**WORK INSTRUCTION:** Going through the entries below, count each line containing the word "fixes". Report the number only.

Records from a data collection:
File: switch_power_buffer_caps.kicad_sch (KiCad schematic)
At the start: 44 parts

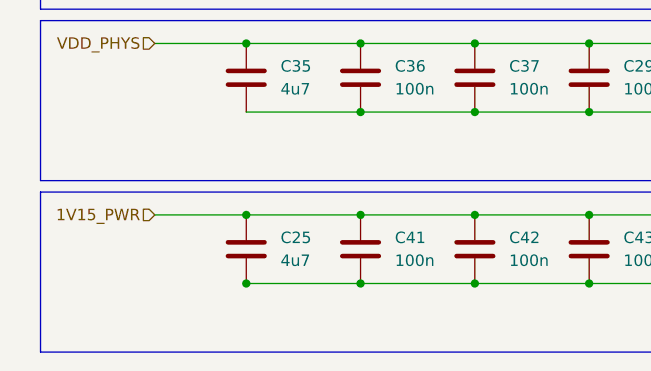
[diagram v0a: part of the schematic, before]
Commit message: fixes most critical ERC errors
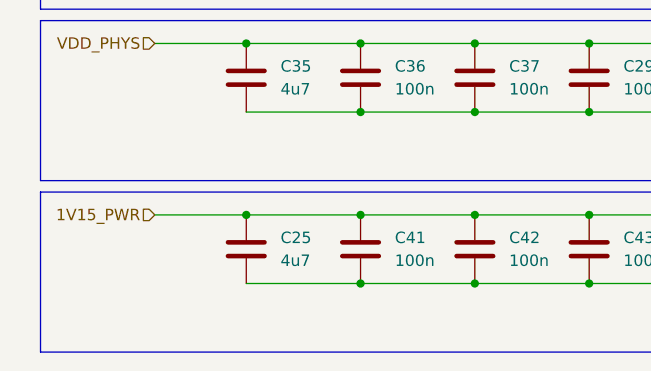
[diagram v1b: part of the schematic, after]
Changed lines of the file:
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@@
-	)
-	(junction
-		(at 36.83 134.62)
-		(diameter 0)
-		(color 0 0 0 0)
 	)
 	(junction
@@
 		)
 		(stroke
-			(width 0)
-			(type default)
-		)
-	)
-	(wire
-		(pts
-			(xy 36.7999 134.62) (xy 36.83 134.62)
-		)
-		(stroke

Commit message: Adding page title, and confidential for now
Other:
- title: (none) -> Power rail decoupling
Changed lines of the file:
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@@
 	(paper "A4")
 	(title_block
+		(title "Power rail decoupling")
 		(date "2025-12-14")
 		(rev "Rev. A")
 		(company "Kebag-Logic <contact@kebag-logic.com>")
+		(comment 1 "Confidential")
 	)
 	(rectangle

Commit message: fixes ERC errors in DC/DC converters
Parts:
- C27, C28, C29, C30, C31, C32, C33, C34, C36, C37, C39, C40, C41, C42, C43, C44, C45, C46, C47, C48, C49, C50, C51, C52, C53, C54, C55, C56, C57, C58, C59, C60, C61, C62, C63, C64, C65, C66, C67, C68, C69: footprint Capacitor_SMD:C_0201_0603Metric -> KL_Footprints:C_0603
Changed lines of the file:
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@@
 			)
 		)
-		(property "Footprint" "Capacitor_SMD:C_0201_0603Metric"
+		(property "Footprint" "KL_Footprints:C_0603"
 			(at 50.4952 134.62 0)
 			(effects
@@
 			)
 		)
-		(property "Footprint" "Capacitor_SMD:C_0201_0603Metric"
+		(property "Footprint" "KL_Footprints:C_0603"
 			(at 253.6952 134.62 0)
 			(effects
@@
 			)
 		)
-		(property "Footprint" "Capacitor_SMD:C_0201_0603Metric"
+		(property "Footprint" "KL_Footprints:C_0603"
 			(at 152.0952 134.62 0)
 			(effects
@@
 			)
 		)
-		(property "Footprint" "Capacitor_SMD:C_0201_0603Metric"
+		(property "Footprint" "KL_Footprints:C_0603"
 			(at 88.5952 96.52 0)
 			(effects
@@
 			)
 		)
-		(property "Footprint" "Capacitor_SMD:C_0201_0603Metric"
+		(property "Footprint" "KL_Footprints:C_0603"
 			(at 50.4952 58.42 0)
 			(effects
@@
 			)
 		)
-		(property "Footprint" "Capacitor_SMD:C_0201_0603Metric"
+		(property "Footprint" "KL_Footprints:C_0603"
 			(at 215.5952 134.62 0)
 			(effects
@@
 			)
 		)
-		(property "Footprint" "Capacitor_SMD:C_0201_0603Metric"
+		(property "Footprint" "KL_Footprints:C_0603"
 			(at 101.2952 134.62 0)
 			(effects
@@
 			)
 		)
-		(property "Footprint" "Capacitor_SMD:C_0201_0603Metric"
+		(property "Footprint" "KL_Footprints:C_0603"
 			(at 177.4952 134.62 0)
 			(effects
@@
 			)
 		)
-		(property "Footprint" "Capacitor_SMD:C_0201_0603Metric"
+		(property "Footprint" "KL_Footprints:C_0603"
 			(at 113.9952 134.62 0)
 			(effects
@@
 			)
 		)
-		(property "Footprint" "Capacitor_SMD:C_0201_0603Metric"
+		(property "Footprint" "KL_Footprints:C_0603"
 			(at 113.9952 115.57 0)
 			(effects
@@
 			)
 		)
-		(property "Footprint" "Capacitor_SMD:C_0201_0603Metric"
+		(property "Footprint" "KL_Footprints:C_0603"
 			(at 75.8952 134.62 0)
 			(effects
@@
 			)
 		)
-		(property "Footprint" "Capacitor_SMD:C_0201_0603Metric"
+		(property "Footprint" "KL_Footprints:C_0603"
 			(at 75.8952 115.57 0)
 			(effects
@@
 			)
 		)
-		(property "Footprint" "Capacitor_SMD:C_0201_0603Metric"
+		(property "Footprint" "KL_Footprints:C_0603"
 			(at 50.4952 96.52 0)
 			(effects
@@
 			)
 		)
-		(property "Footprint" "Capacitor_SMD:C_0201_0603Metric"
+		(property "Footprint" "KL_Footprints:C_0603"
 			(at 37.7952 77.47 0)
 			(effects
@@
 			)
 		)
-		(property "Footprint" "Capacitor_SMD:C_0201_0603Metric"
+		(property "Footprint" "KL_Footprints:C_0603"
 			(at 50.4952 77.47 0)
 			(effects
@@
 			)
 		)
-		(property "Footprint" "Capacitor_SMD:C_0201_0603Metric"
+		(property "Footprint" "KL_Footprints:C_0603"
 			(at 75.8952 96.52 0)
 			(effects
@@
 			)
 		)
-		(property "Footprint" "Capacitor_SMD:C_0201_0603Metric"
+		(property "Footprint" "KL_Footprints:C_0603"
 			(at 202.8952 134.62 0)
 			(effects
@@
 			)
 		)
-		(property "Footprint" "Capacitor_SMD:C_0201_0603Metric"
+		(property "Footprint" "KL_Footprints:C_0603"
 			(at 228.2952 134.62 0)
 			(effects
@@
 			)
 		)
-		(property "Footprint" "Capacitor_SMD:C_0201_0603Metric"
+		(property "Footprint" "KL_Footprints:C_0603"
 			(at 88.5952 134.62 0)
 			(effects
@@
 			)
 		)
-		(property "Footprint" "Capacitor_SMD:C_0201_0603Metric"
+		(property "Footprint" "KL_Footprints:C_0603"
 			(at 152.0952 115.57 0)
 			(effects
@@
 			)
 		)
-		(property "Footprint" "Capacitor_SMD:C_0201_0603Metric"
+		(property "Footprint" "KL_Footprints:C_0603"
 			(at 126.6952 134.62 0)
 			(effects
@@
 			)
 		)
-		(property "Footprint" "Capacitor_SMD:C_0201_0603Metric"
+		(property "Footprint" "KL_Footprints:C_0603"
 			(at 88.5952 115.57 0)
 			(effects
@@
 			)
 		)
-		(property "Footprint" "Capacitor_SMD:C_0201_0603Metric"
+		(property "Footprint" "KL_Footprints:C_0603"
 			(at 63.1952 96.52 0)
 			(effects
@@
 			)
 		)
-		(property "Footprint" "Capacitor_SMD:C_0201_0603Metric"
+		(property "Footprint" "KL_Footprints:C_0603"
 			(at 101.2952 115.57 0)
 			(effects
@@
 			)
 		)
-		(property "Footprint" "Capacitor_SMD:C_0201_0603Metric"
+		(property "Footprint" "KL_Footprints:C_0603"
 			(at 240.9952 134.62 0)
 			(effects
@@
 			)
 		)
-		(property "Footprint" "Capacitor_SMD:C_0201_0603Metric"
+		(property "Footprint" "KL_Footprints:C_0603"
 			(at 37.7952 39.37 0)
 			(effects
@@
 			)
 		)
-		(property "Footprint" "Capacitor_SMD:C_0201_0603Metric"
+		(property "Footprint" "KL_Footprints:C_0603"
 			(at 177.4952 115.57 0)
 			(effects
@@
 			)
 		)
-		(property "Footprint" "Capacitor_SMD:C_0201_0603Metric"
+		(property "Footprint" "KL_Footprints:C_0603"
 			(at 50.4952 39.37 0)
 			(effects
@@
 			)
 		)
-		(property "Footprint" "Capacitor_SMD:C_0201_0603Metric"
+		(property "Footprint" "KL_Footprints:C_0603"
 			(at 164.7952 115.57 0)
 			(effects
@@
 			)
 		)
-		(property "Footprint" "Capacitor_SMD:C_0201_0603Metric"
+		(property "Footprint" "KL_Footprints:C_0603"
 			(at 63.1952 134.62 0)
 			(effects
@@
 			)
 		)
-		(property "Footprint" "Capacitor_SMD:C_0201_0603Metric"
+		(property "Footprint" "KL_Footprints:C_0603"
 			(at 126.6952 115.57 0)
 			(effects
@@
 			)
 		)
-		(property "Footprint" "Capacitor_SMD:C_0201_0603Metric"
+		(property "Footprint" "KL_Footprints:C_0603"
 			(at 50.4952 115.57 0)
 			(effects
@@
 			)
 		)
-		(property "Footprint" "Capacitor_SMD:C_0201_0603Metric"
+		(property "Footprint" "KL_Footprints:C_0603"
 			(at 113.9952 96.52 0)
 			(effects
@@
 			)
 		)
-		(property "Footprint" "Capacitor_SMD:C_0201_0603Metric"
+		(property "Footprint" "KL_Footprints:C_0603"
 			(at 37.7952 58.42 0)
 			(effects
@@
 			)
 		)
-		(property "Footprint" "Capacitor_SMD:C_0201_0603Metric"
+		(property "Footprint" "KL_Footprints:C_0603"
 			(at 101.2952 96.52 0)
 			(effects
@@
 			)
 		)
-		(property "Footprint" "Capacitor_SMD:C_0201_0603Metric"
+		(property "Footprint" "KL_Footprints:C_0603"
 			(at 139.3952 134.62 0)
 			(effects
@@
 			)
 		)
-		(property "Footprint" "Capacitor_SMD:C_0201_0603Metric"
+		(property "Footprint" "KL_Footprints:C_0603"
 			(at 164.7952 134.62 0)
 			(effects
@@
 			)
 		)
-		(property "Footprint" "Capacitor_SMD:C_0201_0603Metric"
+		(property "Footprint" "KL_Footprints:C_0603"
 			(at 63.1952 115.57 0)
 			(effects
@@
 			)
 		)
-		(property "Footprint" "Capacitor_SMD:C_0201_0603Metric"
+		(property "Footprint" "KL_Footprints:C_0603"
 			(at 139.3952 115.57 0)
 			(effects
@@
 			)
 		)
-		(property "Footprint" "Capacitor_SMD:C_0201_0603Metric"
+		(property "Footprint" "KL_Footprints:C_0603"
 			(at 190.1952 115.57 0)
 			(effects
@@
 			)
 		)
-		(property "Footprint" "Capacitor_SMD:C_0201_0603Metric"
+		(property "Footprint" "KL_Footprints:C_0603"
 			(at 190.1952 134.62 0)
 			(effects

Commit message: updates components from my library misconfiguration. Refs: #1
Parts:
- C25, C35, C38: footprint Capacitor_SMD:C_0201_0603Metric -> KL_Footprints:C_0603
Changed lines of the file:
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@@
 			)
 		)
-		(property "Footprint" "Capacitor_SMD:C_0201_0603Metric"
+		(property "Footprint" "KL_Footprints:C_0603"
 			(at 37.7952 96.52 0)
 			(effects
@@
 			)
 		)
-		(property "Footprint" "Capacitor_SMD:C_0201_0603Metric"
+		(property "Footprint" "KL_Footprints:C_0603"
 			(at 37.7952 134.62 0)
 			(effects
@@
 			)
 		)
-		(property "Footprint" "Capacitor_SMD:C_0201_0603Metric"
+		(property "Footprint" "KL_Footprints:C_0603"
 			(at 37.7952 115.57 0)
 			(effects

**RESULT OF THIS EXERCISE:** 2